Peter Bradshaw 

Uncovered: The War on Iraq

Peter Bradshaw: This is Michael Moore without the jokes - and without Moore's inflammatory stuff about the Bush-Saudi link.
  
  


This is Michael Moore without the jokes - and without Moore's inflammatory stuff about the Bush-Saudi link. It's a dogged and fiercely unrelenting case against our military adventure in Iraq, composed of a sequence of talking-head observers, including former UN weapons inspector Scott Ritter. The points are repeatedly, even shrilly, hammered home. Right up to 9/11, the Bush administration said it had no interest in unseating Saddam. But after the WTC attack, and the subsequent failure to capture Osama bin Laden, regime-change in Iraq became fanatically promoted by a beady-eyed cabal of neo-cons: a consolatory, diversionary war built on a compost-heap of lies.

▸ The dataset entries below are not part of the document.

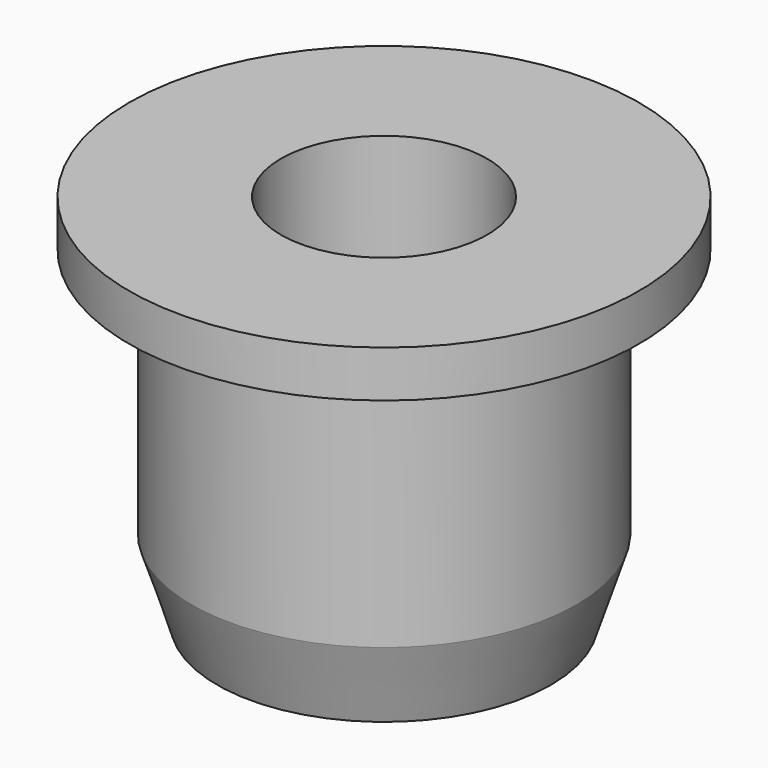
from build123d import *


# Not quite as in the source:
# - a feature names something its author has since deleted; it is built from what else it names


with BuildPart() as f1:
    # F0 (on Front) → F1 (revolve)
    with BuildSketch(Plane.XZ):
        Polygon((-13.335, 48.5521), (-32.97555, 48.5521), (-32.97555, 42.5196), (-24.8666, 42.5196), (-24.8666, 10.1854), (-21.5773, 0), (-13.335, 0), align=None)
    revolve(axis=Axis((0, 0, 24.27605), (0, 0, 1)))


solid = f1.part
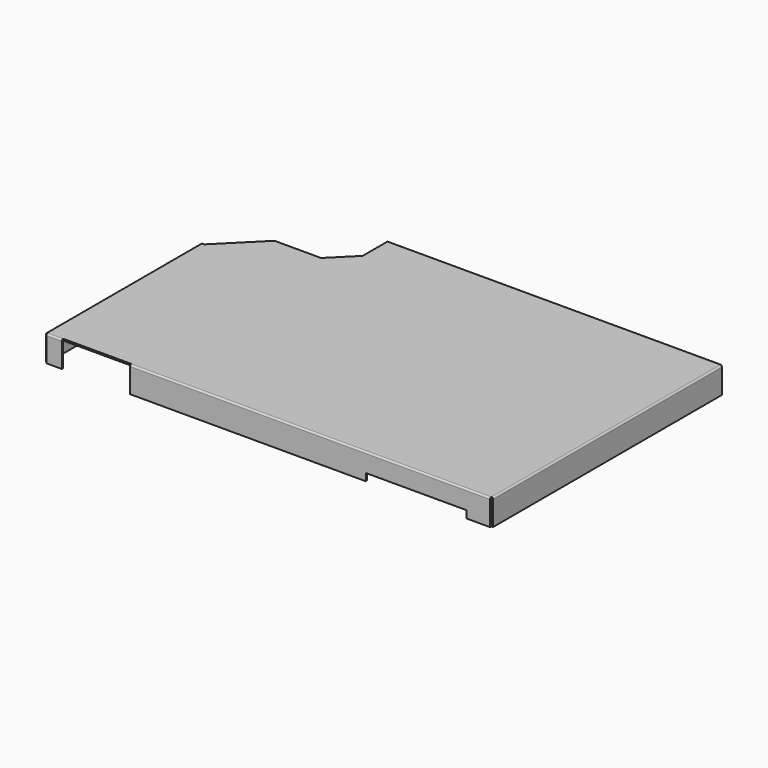
from build123d import *

# Parameters (mm, degrees)
F0_W     = 0.2
F0_H     = 12.3
F0_H_2   = 10
F0_H_3   = 1.5
F1_DEPTH = 3
F0_W_2   = 1.9
F0_H_4   = 0.2
F0_W_3   = 29
F0_W_4   = 2.900001
F0_W_5   = 12.399999
F0_W_6   = 40.999958
F0_H_5   = 35.199967
F2_START = 3
F2_DEPTH = 0.2
F3_DEPTH = 0.9
F4_DEPTH = 0.5
F5_R     = 0.1999


# Not quite as in the source:
# - a fillet or chamfer is up to 0.001 mm smaller than in the source, because OpenCascade refuses the exact size


with BuildPart() as f1:
    # F0 (on Top) → F1 (new body)
    with BuildSketch(Plane.XY):
        with Locations((-26.70002, -11.450007)):
            Rectangle(F0_W, F0_H)
        with Locations((-26.70002, -0.300007)):
            Rectangle(F0_W, F0_H_2)
        with Locations((-26.70002, 5.449993)):
            Rectangle(F0_W, F0_H_3)
    extrude(amount=F1_DEPTH)

    # F0 (on Top) → F4 (cut)
    with BuildSketch(Plane.XY):
        with Locations((-26.70002, -0.300007)):
            Rectangle(F0_W, F0_H_2)
    extrude(amount=F4_DEPTH, mode=Mode.SUBTRACT)


with BuildPart() as f1b:
    # F0 (on Top) → F1, piece 2 (new body)
    with BuildSketch(Plane.XY):
        with Locations((-25.65002, -17.700007)):
            Rectangle(F0_W_2, F0_H_4)
    extrude(amount=F1_DEPTH)


with BuildPart() as f1c:
    # F0 (on Top) → F1, piece 3 (new body)
    with BuildSketch(Plane.XY):
        with Locations((-1.80002, -17.700007)):
            Rectangle(F0_W_3, F0_H_4)
        with Locations((26.5499795, -17.700007)):
            Rectangle(F0_W_4, F0_H_4)
        with Locations((18.8999795, -17.700007)):
            Rectangle(F0_W_5, F0_H_4)
    extrude(amount=F1_DEPTH)

    # F0 (on Top) → F3 (cut)
    with BuildSketch(Plane.XY):
        with Locations((18.8999795, -17.700007)):
            Rectangle(F0_W_5, F0_H_4)
    extrude(amount=F3_DEPTH, mode=Mode.SUBTRACT)


with BuildPart() as f1d:
    # F0 (on Top) → F1, piece 4 (new body)
    with BuildSketch(Plane.XY):
        with Locations((7.500001, 17.69996)):
            Rectangle(F0_W_6, F0_H_4)
    extrude(amount=F1_DEPTH)


with BuildPart() as f1e:
    # F0 (on Top) → F1, piece 5 (new body)
    with BuildSketch(Plane.XY):
        with Locations((28.09998, -2.35e-05)):
            Rectangle(F0_W, F0_H_5)
    extrude(amount=F1_DEPTH)


with BuildPart() as f2:
    # F0 (on Top) → F2 (new body)
    with BuildSketch(Plane.XY.offset(F2_START)):
        with Locations((-26.70002, -11.450007)):
            Rectangle(F0_W, F0_H)
        Polygon((-26.60002, -5.300007), (-26.60002, -17.600007), (-24.70002, -17.600007), (-16.30002, -17.600007), (12.69998, -17.600007), (25.099979, -17.600007), (27.99998, -17.600007), (27.99998, 17.59996), (-12.999978, 17.59996), (-12.999978, 13.84288), (-15.84286, 10.999998), (-21.575756, 10.999998), (-26.375761, 6.199993), (-26.60002, 6.199993), (-26.60002, 4.699993), align=None)
        with Locations((-25.65002, -17.700007)):
            Rectangle(F0_W_2, F0_H_4)
        with Locations((-1.80002, -17.700007)):
            Rectangle(F0_W_3, F0_H_4)
        with Locations((18.8999795, -17.700007)):
            Rectangle(F0_W_5, F0_H_4)
        with Locations((26.5499795, -17.700007)):
            Rectangle(F0_W_4, F0_H_4)
        with Locations((28.09998, -2.35e-05)):
            Rectangle(F0_W, F0_H_5)
        with Locations((7.500001, 17.69996)):
            Rectangle(F0_W_6, F0_H_4)
        with Locations((-26.70002, 5.449993)):
            Rectangle(F0_W, F0_H_3)
        with Locations((-26.70002, -0.300007)):
            Rectangle(F0_W, F0_H_2)
    extrude(amount=F2_DEPTH)

    # F5 (radius 0.2 in the source; OpenCascade refuses exactly that, so slightly less here)
    f5_edges = [f2.edges().sort_by_distance(p)[0] for p in [
        (5.84998, -17.800007, 3.2),
        (-26.80002, -5.700007, 3.2),
        (7.500001, 17.79996, 3.2),
        (28.19998, -2.4e-05, 3.2),
        (-25.65002, -17.800007, 3.2),
    ]]
    fillet(f5_edges, radius=F5_R)


solid = Compound([f1.part, f1b.part, f1c.part, f1d.part, f1e.part, f2.part])

Director Robert Greenwald has come up with a documentary arguably lacking in elegance or entertainment value. Yet, frankly, the point of view in Greenwald's film bears stating, and re-stating, especially when our pro-war liberal classes seem so unmoved by the great political scandal of the age. Both Uncovered and The Corporation are strident, certainly. They may find pundits lamenting the absence of subtlety, of nuance, perhaps preferring some more restful fiddle music while Fallujah burns, or maybe no music at all. Yet aren't we impatient with guardedly ironic documentaries about the little things? These Americans are out there hunting big game. Why don't we Brits try something like that?